_PROBLEM_
Of the records that follow, copy only the lines from the line containing "# Parameters (mm, degrees)" to the line containing "# Extrude5 outline → Extrude5 (revolve)", both included, exactly as written.
*** AVAILABLE RECORDS
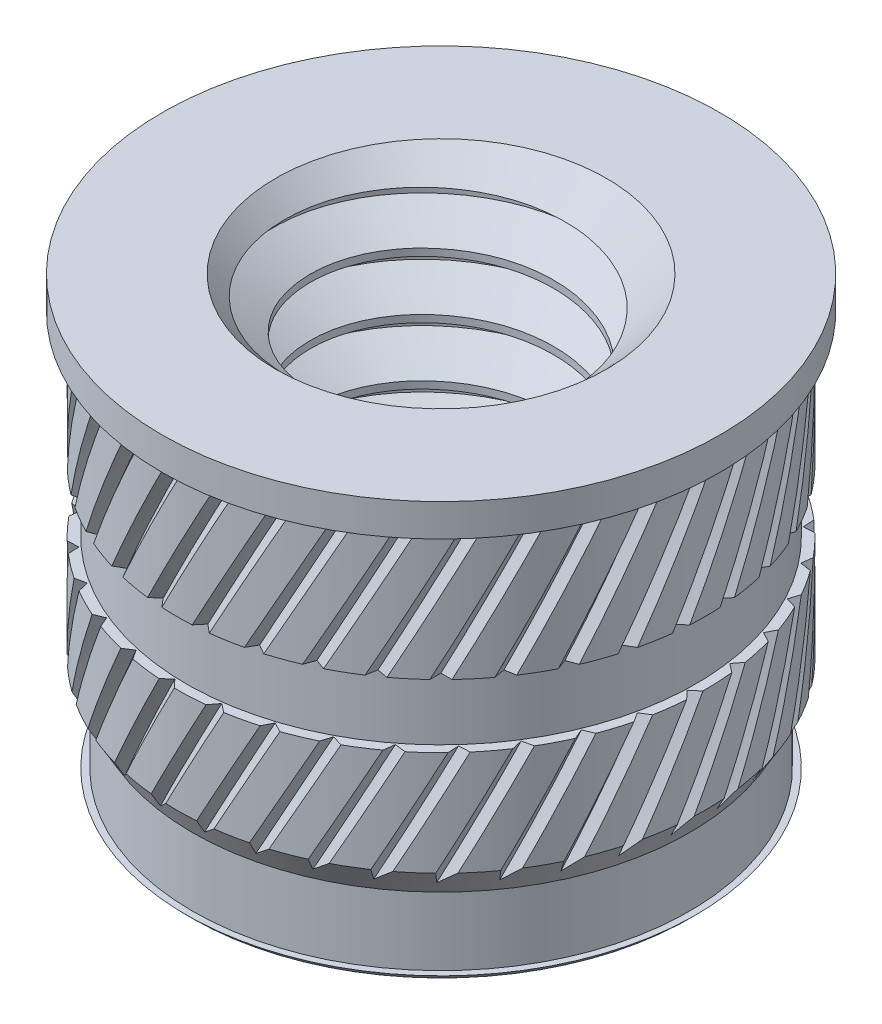
from build123d import *

# Parameters (mm, degrees)
SKETCH1_R         = 1.945
EXTRUDE1_DEPTH    = 3.4
SKETCH1_4_R       = 2.07
EXTRUDE2_DEPTH    = 2.601346
SKETCH1_3_R       = 2.185
EXTRUDE3_DEPTH    = 0.254
SKETCH2_R         = 2.07
EXTRUDE4_DEPTH    = 0.216506
EXTRUDE4_TAPER    = 30
SKETCH8_R         = 0.957716426
EXTRUDE6_DEPTH    = 3.4
CHAMFER1_SIZE     = 0.3375
CUT_SWEEP1_PITCH  = 0.45
CUT_SWEEP2_PITCH  = 24.7725
CIRPATTERN1_COUNT = 36
SKETCH11_W        = 0.19
SKETCH11_H        = 0.49545


with BuildPart() as part:
    # Sketch1 → Extrude1 (new body)
    with BuildSketch(Plane(origin=(0, 0, 0), x_dir=(1, 0, 0), z_dir=(0, 1, 0))):
        with Locations(Location((0, 0, 0), (0, 0, 270))):
            Circle(SKETCH1_R)
    extrude(amount=-EXTRUDE1_DEPTH)

    # Sketch1<4> → Extrude2 (add)
    with BuildSketch(Plane(origin=(0, 0, 0), x_dir=(1, 0, 0), z_dir=(0, 1, 0))):
        with Locations(Location((0, 0, 0), (0, 0, 270))):
            Circle(SKETCH1_4_R)
    extrude(amount=-EXTRUDE2_DEPTH)

    # Sketch1<3> → Extrude3 (add)
    with BuildSketch(Plane(origin=(0, 0, 0), x_dir=(1, 0, 0), z_dir=(0, 1, 0))):
        with Locations(Location((0, 0, 0), (0, 0, 270))):
            Circle(SKETCH1_3_R)
    extrude(amount=-EXTRUDE3_DEPTH)

    # Sketch2 → Extrude4 (add)
    with BuildSketch(Plane.XZ.offset(2.601346189)):
        with Locations(Location((0, 0, 0), (0, 0, 90))):
            Circle(SKETCH2_R)
    extrude(amount=EXTRUDE4_DEPTH, taper=EXTRUDE4_TAPER)

    # Extrude5: read off the stored shape, not the designer's step
    # Extrude5 outline → Extrude5 (revolve)
    with BuildSketch(Plane.XY):
        Polygon((1.945, -3.35), (1.945, -3.4), (1.995, -3.35), align=None)
    revolve(axis=Axis((0, 0, 0), (0, 1, 0)))

    # Sketch8 → Extrude6 (cut)
    with BuildSketch(Plane(origin=(0, 0, 0), x_dir=(1, 0, 0), z_dir=(0, 1, 0))):
        with Locations(Location((0, 0, 0), (0, 0, 270))):
            Circle(SKETCH8_R)
    extrude(amount=-EXTRUDE6_DEPTH, mode=Mode.SUBTRACT)

    # Chamfer1
    chamfer1_edges = [part.edges().sort_by_distance(p)[0] for p in [
        (0, -3.4, -0.957716426),
        (0, 0, -0.957716426),
    ]]
    chamfer(chamfer1_edges, length=CHAMFER1_SIZE)

    # Cut-Sweep1: arcs per turn and ends read off the stored shape
    # Cut-Sweep1: the profile of Sketch7 screwed along a right-hand helix through 9.253687 turns, 6 arcs to a turn; built about Z, then put on its axis
    cut_sweep1_z = Axis((0, 0, 0), (0, 0, 1))
    cut_sweep1_corners = [(1.25, 0, -0.225), (1.25, 0, -0.16875), (0.933359462, 0, 0.0140625), (0.933359462, 0, -0.4078125)]
    with BuildLine(mode=Mode.PRIVATE) as cut_sweep1_profile:
        Line(cut_sweep1_corners[0], cut_sweep1_corners[1])
        Line(cut_sweep1_corners[1], cut_sweep1_corners[2])
        Line(cut_sweep1_corners[2], cut_sweep1_corners[3])
        Line(cut_sweep1_corners[3], cut_sweep1_corners[0])
    cut_sweep1_cap = Face(cut_sweep1_profile.wire())
    cut_sweep1_turn_angles = [0, 30, 60, 90, 120, 150, 180, 210, 240, 270, 300, 330, 360]
    cut_sweep1_turn_weights = [1, 0.8660254037844387, 1, 0.8660254037844387, 1, 0.8660254037844387, 1, 0.8660254037844387, 1, 0.8660254037844387, 1, 0.8660254037844387, 1]
    cut_sweep1_turn_rails = [Edge.make_bspline([Vector(p[0], p[1], 0).rotate(cut_sweep1_z, cut_sweep1_turn_angles[k]) / cut_sweep1_turn_weights[k] + Vector(0, 0, p[2] + CUT_SWEEP1_PITCH * cut_sweep1_turn_angles[k] / 360) for k in range(13)], [0, 0, 0, 1, 1, 2, 2, 3, 3, 4, 4, 5, 5, 6, 6, 6], 2, cut_sweep1_turn_weights) for p in cut_sweep1_corners]
    cut_sweep1_turn_sides = [Face.make_surface_from_curves(cut_sweep1_turn_rails[p[0]], cut_sweep1_turn_rails[p[1]]) for p in [(0, 1), (1, 2), (2, 3), (3, 0)]]
    cut_sweep1_last_angles = [3240, 3270, 3300, 3315.663706144, 3331.327412287]
    cut_sweep1_last_weights = [1, 0.8660254037844387, 1, 0.9628629643922332, 1]
    cut_sweep1_last_rails = [Edge.make_bspline([Vector(p[0], p[1], 0).rotate(cut_sweep1_z, cut_sweep1_last_angles[k]) / cut_sweep1_last_weights[k] + Vector(0, 0, p[2] + CUT_SWEEP1_PITCH * cut_sweep1_last_angles[k] / 360) for k in range(5)], [0, 0, 0, 1, 1, 2, 2, 2], 2, cut_sweep1_last_weights) for p in cut_sweep1_corners]
    cut_sweep1_last_sides = [Face.make_surface_from_curves(cut_sweep1_last_rails[p[0]], cut_sweep1_last_rails[p[1]]) for p in [(0, 1), (1, 2), (2, 3), (3, 0)]]
    cut_sweep1 = Plane(origin=(0, 0, 0), x_dir=(-1, 0, 0), z_dir=(0, -1, 0)) * Solid(Shell([*[p.moved(Location((0, 0, CUT_SWEEP1_PITCH * i))) for i in range(9) for p in cut_sweep1_turn_sides], *cut_sweep1_last_sides, cut_sweep1_cap, cut_sweep1_cap.rotate(cut_sweep1_z, 3331.327412287).moved(Location((0, 0, CUT_SWEEP1_PITCH * 3331.327412287 / 360)))]))
    add(cut_sweep1, mode=Mode.SUBTRACT)

    # Cut-Sweep2: arcs per turn and ends read off the stored shape
    # Cut-Sweep2: the profile of Sketch10 screwed along a right-hand helix through 0.1 turns, 22 arcs to a turn; built about Z, then put on its axis
    cut_sweep2_z = Axis((0, 0, 0), (0, 0, 1))
    cut_sweep2_corners = [(2.0075, 0, 0), (2.07, 0.0625, 0), (2.07, -0.0625, 0)]
    with BuildLine(mode=Mode.PRIVATE) as cut_sweep2_profile:
        Line(cut_sweep2_corners[0], cut_sweep2_corners[1])
        Line(cut_sweep2_corners[1], cut_sweep2_corners[2])
        Line(cut_sweep2_corners[2], cut_sweep2_corners[0])
    cut_sweep2_cap = Face(cut_sweep2_profile.wire())
    cut_sweep2_turn_angles = [0, 8.181818182, 16.363636364, 24.545454545, 32.727272727, 34.363636364, 36]
    cut_sweep2_turn_weights = [1, 0.9898214418809327, 1, 0.9898214418809327, 1, 0.9995921928281892, 1]
    cut_sweep2_turn_rails = [Edge.make_bspline([Vector(p[0], p[1], 0).rotate(cut_sweep2_z, cut_sweep2_turn_angles[k]) / cut_sweep2_turn_weights[k] + Vector(0, 0, p[2] + CUT_SWEEP2_PITCH * cut_sweep2_turn_angles[k] / 360) for k in range(7)], [0, 0, 0, 1, 1, 2, 2, 3, 3, 3], 2, cut_sweep2_turn_weights) for p in cut_sweep2_corners]
    cut_sweep2_turn_sides = [Face.make_surface_from_curves(cut_sweep2_turn_rails[p[0]], cut_sweep2_turn_rails[p[1]]) for p in [(0, 1), (1, 2), (2, 0)]]
    cut_sweep2 = Plane(origin=(0, -0.254, 0), x_dir=(0, 0, 1), z_dir=(0, -1, 0)) * Solid(Shell([*cut_sweep2_turn_sides, cut_sweep2_cap, cut_sweep2_cap.rotate(cut_sweep2_z, 36).moved(Location((0, 0, CUT_SWEEP2_PITCH * 36 / 360)))]))
    add(cut_sweep2, mode=Mode.SUBTRACT)

    # CirPattern1: Cut-Sweep2 ×36 about axis
    cirpattern1_axis = Axis((0, -2.601346189, 0), (0, 1, 0))
    for i in range(1, CIRPATTERN1_COUNT):
        add(cut_sweep2.rotate(cirpattern1_axis, i * 360 / CIRPATTERN1_COUNT), mode=Mode.SUBTRACT)

    # Sketch11 → Cut-Revolve1 (revolve, cut)
    with BuildSketch(Plane.XY):
        with Locations((-2.09, -1.53592627)):
            Rectangle(SKETCH11_W, SKETCH11_H)
    revolve(axis=Axis((0, 0, 0), (0, -1, 0)), mode=Mode.SUBTRACT)


solid = part.part
******
_ANSWER_
# Parameters (mm, degrees)
SKETCH1_R         = 1.945
EXTRUDE1_DEPTH    = 3.4
SKETCH1_4_R       = 2.07
EXTRUDE2_DEPTH    = 2.601346
SKETCH1_3_R       = 2.185
EXTRUDE3_DEPTH    = 0.254
SKETCH2_R         = 2.07
EXTRUDE4_DEPTH    = 0.216506
EXTRUDE4_TAPER    = 30
SKETCH8_R         = 0.957716426
EXTRUDE6_DEPTH    = 3.4
CHAMFER1_SIZE     = 0.3375
CUT_SWEEP1_PITCH  = 0.45
CUT_SWEEP2_PITCH  = 24.7725
CIRPATTERN1_COUNT = 36
SKETCH11_W        = 0.19
SKETCH11_H        = 0.49545


with BuildPart() as part:
    # Sketch1 → Extrude1 (new body)
    with BuildSketch(Plane(origin=(0, 0, 0), x_dir=(1, 0, 0), z_dir=(0, 1, 0))):
        with Locations(Location((0, 0, 0), (0, 0, 270))):
            Circle(SKETCH1_R)
    extrude(amount=-EXTRUDE1_DEPTH)

    # Sketch1<4> → Extrude2 (add)
    with BuildSketch(Plane(origin=(0, 0, 0), x_dir=(1, 0, 0), z_dir=(0, 1, 0))):
        with Locations(Location((0, 0, 0), (0, 0, 270))):
            Circle(SKETCH1_4_R)
    extrude(amount=-EXTRUDE2_DEPTH)

    # Sketch1<3> → Extrude3 (add)
    with BuildSketch(Plane(origin=(0, 0, 0), x_dir=(1, 0, 0), z_dir=(0, 1, 0))):
        with Locations(Location((0, 0, 0), (0, 0, 270))):
            Circle(SKETCH1_3_R)
    extrude(amount=-EXTRUDE3_DEPTH)

    # Sketch2 → Extrude4 (add)
    with BuildSketch(Plane.XZ.offset(2.601346189)):
        with Locations(Location((0, 0, 0), (0, 0, 90))):
            Circle(SKETCH2_R)
    extrude(amount=EXTRUDE4_DEPTH, taper=EXTRUDE4_TAPER)

    # Extrude5: read off the stored shape, not the designer's step
    # Extrude5 outline → Extrude5 (revolve)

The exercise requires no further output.